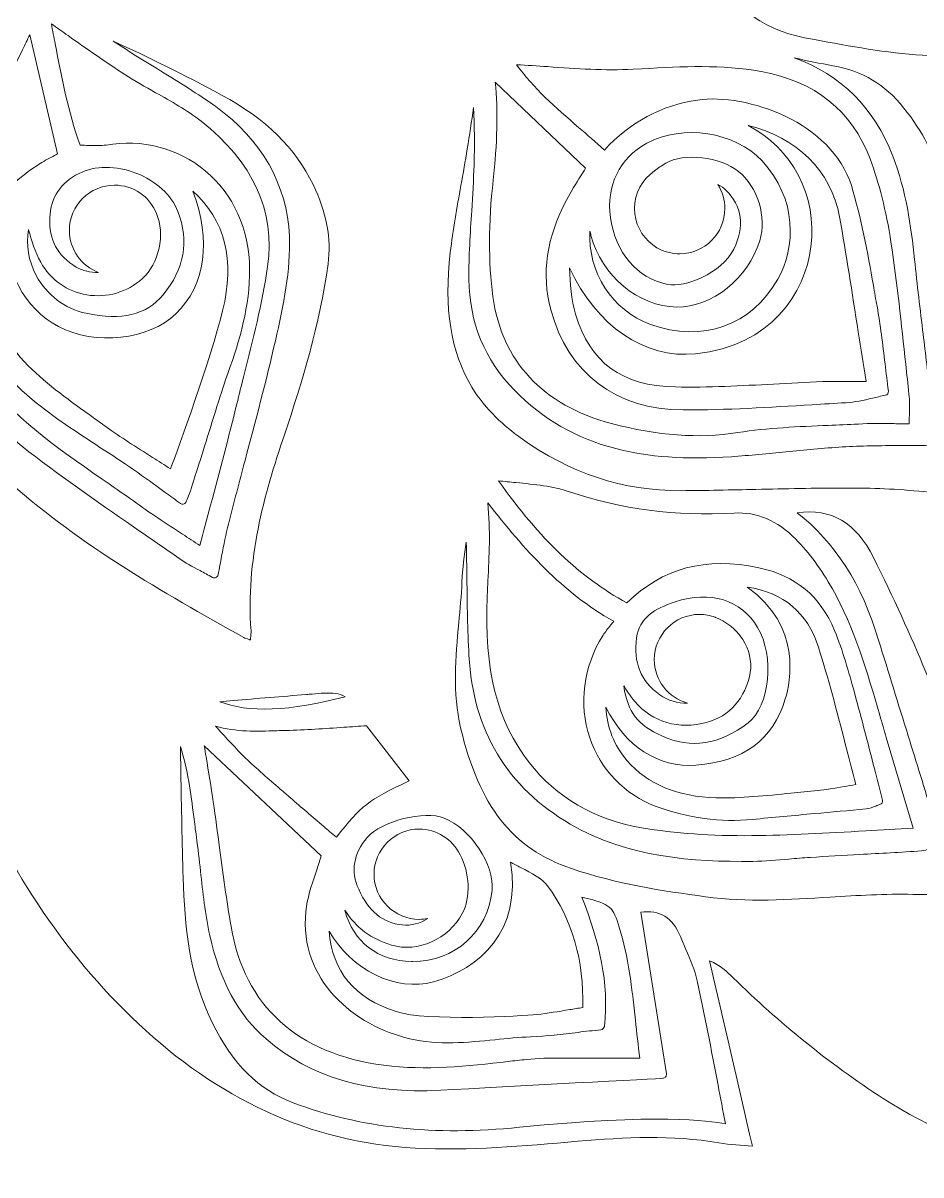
# Model space of a CAD drawing. Header units: millimetres. Extents: x -1630 to 1473, y -391 to 289.
# Drawn here: x -985.2 to -866.7, y -357.7 to -205.6 of the extents above; entities that cross this region are included whole.
import ezdxf

# ---------------------------------------------------------------- set-up
doc = ezdxf.new("R2010")
doc.units = ezdxf.units.MM
doc.header["$MEASUREMENT"] = 0
doc.layers.add('Layer 3', color=7, linetype='Continuous')

msp = doc.modelspace()

# ---------------------------------------------------------------- linework, layer by layer
at = {"layer": 'Layer 3', "lineweight": 0}
for points, knots in [([(-634.52, -243.33), (-634.54, -243.31), (-634.57, -243.29), (-634.59, -243.26), (-634.68, -243.07), (-634.76, -242.88), (-634.85, -242.68), (-635.04, -242.34), (-635.22, -242), (-635.4, -241.65), (-635.66, -241.13), (-635.92, -240.6), (-636.18, -240.07), (-640.76, -230.87), (-646.32, -222.41), (-653.83, -215.26), (-663.84, -205.73), (-675.48, -200.2), (-689.51, -199.54), (-684.82, -198.57), (-680.13, -197.6), (-674.78, -196.5), (-676.7, -194.29), (-678.38, -192.5), (-679.91, -190.59), (-686.19, -182.7), (-692.36, -174.72), (-698.71, -166.89), (-703.88, -160.52), (-710.16, -155.46), (-717.73, -152.17), (-719.82, -151.25), (-722.07, -150.7), (-725.18, -149.68), (-721.3, -148.91), (-718.38, -148.12), (-715.41, -147.8), (-712.34, -147.47), (-709.22, -147.59), (-705.96, -147.51), (-706.18, -146.58), (-706.19, -146.16), (-706.37, -145.84), (-706.69, -145.26), (-707.06, -144.7), (-707.49, -144.2), (-716.15, -134.15), (-724.46, -123.78), (-734.76, -115.26), (-744.58, -107.14), (-755.15, -100.45), (-767.66, -97.31), (-777.35, -94.87), (-786.99, -94.68), (-796.68, -97.59), (-802.49, -99.34), (-807.64, -102.17), (-812.17, -105.58), (-817.31, -102.35), (-822.08, -98.96), (-827.19, -96.23), (-837.15, -90.93), (-847.59, -88.86), (-858.53, -93.21), (-861.86, -94.53), (-865.1, -96.05), (-868.37, -97.53), (-873.24, -99.74), (-878.26, -101.66), (-883.68, -100.94), (-886.35, -100.59), (-888.96, -99.41), (-891.47, -98.29), (-893.59, -97.34), (-893.99, -95.13), (-894.65, -93.07), (-895.25, -91.2), (-896.34, -89.46), (-897.39, -87.78), (-898.32, -86.27), (-899.49, -84.9), (-900.66, -83.33), (-896.3, -81.25), (-894.12, -77.74), (-892.84, -73.77), (-890.92, -67.8), (-890.52, -62.68), (-889.68, -57.08), (-889.29, -54.48), (-889.63, -51.77), (-889.49, -49.12), (-889.47, -48.77), (-888.6, -48.46), (-887.45, -47.68), (-889.42, -52.36), (-887.11, -54.97), (-884.65, -57.15), (-873.77, -66.78), (-861, -70.35), (-846.69, -68.15), (-842.57, -67.51), (-838.53, -66.31), (-834.45, -65.36), (-833.62, -70.46), (-832.09, -72.24), (-827.15, -73.51), (-825.49, -73.94), (-823.74, -74.25), (-822.04, -74.22), (-819.14, -74.17), (-816.25, -73.84), (-813.36, -73.57), (-803.73, -72.65), (-795.15, -69.05), (-787.48, -63.27), (-784.64, -61.12), (-782.08, -58.61), (-778.91, -55.85), (-776.14, -55.85), (-772.74, -56.34), (-769.53, -55.76), (-759.02, -53.86), (-751.08, -48.14), (-745.53, -39.27), (-743.17, -39.15), (-740.42, -39.24), (-737.87, -38.49), (-727.89, -35.55), (-721.79, -28.1), (-716.68, -18.13), (-709.46, -4.04), (-712.67, 19.56), (-712.98, 22.22), (-708.3, 30.28), (-708.83, 41.95), (-710.1, 49.2), (-709.42, 50.62), (-708.85, 51.8), (-708.61, 52.26), (-702.87, 63.55), (-697.36, 74.85), (-694.59, 87.28), (-691.84, 99.62), (-691.21, 112.38), (-692.07, 124.97), (-692.17, 126.36), (-692.28, 127.74), (-692.41, 129.13), (-693.64, 142.2), (-695.61, 155.18), (-699.04, 167.84), (-702.2, 179.5), (-706.64, 191), (-711.87, 201.93), (-714.86, 208.17), (-718.47, 214.16), (-722.99, 219.41), (-719.52, 218.31), (-715.39, 219.26), (-713.33, 222.43), (-711.51, 225.25), (-712.44, 229.18), (-715.86, 230.19), (-717.18, 230.58), (-719.15, 230.46), (-719.52, 228.8), (-719.87, 227.24), (-718.37, 226.21), (-716.99, 226.59), (-716.78, 226.65), (-716.6, 226.73), (-716.45, 226.84), (-716.39, 226.8), (-716.32, 226.75), (-716.26, 226.7), (-715.9, 226.41), (-715.75, 226.04), (-715.72, 225.59), (-715.65, 224.52), (-716.53, 223.59), (-717.37, 223.05), (-719.21, 221.88), (-721.41, 222.21), (-723.26, 223.13), (-725.26, 224.11), (-727, 225.43), (-728.86, 226.46), (-728.72, 226.49), (-728.58, 226.51), (-728.44, 226.55), (-723.48, 227.71), (-720.45, 231.49), (-720.94, 236.69), (-721.37, 241.2), (-725.86, 245.77), (-730.55, 243.31), (-730.9, 243.13), (-731.23, 242.91), (-731.53, 242.66), (-730.29, 246.75), (-730.37, 250.95), (-731.87, 254.82), (-733.52, 259.06), (-736.6, 261.98), (-739.7, 262.26), (-741.74, 262.44), (-743.54, 261.43), (-744.77, 259.43), (-745.9, 257.59), (-745.01, 255.13), (-743.99, 252.29), (-742.39, 247.85), (-740.41, 242.31), (-744.52, 236.44), (-747.67, 231.94), (-751.06, 229.97), (-752.79, 229.21), (-754.05, 228.94), (-755.29, 228.58), (-756.51, 228.14), (-756.51, 228.14), (-757.66, 227.86), (-757.66, 227.86), (-754.59, 231.78), (-751.24, 237.5), (-751.01, 243.96), (-750.56, 256.09), (-755.7, 266.25), (-764.75, 271.14), (-770.1, 274.04), (-775.96, 274.39), (-779.33, 272.01), (-781.53, 270.45), (-782.48, 267.9), (-782, 264.82), (-781.56, 262.04), (-778.64, 260.36), (-774.94, 258.23), (-769.16, 254.91), (-761.97, 250.78), (-761.02, 240.65), (-760.48, 234.87), (-761.4, 230.48), (-762.38, 227.63), (-761.85, 229.56), (-761.57, 231.63), (-761.77, 233.75), (-762.61, 242.54), (-767.29, 249.39), (-774.29, 252.07), (-778.54, 253.7), (-782.77, 253.38), (-785.06, 251.26), (-786.57, 249.87), (-787.03, 247.86), (-786.37, 245.61), (-785.76, 243.54), (-783.35, 242.54), (-780.56, 241.39), (-776.19, 239.59), (-770.75, 237.35), (-769.16, 230.36), (-767.92, 224.92), (-768.79, 221.04), (-769.38, 219.29), (-769.54, 219.1), (-769.71, 218.92), (-769.86, 218.73), (-771.14, 217.18), (-772.19, 215.51), (-773.13, 213.74), (-774.08, 211.95), (-774.38, 209.79), (-775.54, 208.13), (-776.84, 206.26), (-779.1, 205.67), (-780.95, 204.53), (-782.86, 203.37), (-784.55, 201.88), (-785.96, 200.15), (-788.72, 196.75), (-790.35, 192.58), (-791.54, 188.41), (-791.66, 187.98), (-791.52, 187.2), (-791.21, 186.99), (-790.89, 186.76), (-790.15, 186.86), (-789.73, 187.08), (-787.38, 188.29), (-785.45, 189.99), (-782.95, 191.01), (-780.29, 192.09), (-777.46, 192.77), (-774.6, 193), (-773.8, 193.07), (-772.97, 193.1), (-772.2, 192.88), (-771.43, 192.66), (-770.76, 192.2), (-770.1, 191.75), (-766.36, 189.22), (-762.42, 186.62), (-757.93, 186.18), (-753.52, 185.73), (-749.3, 187.4), (-745.03, 188.13), (-738.74, 189.21), (-729.39, 186.54), (-725.83, 180.84), (-724.39, 178.53), (-724.05, 175.69), (-724.14, 172.97), (-724.34, 166.78), (-725.38, 160.76), (-727.21, 154.84), (-729.28, 148.16), (-731.36, 141.52), (-735.03, 135.49), (-736.67, 132.77), (-738.75, 130.51), (-741.17, 128.51), (-745.07, 125.29), (-749.81, 123.73), (-754.39, 121.91), (-761.91, 118.93), (-769.85, 117.34), (-777.69, 115.51), (-786.93, 113.35), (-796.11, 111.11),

### BRIEF
In the entries above, find every line holding the word "units" and copy it out.

### WRITTEN REPLY
# Model space of a CAD drawing. Header units: millimetres. Extents: x -1630 to 1473, y -391 to 289.
doc.units = ezdxf.units.MM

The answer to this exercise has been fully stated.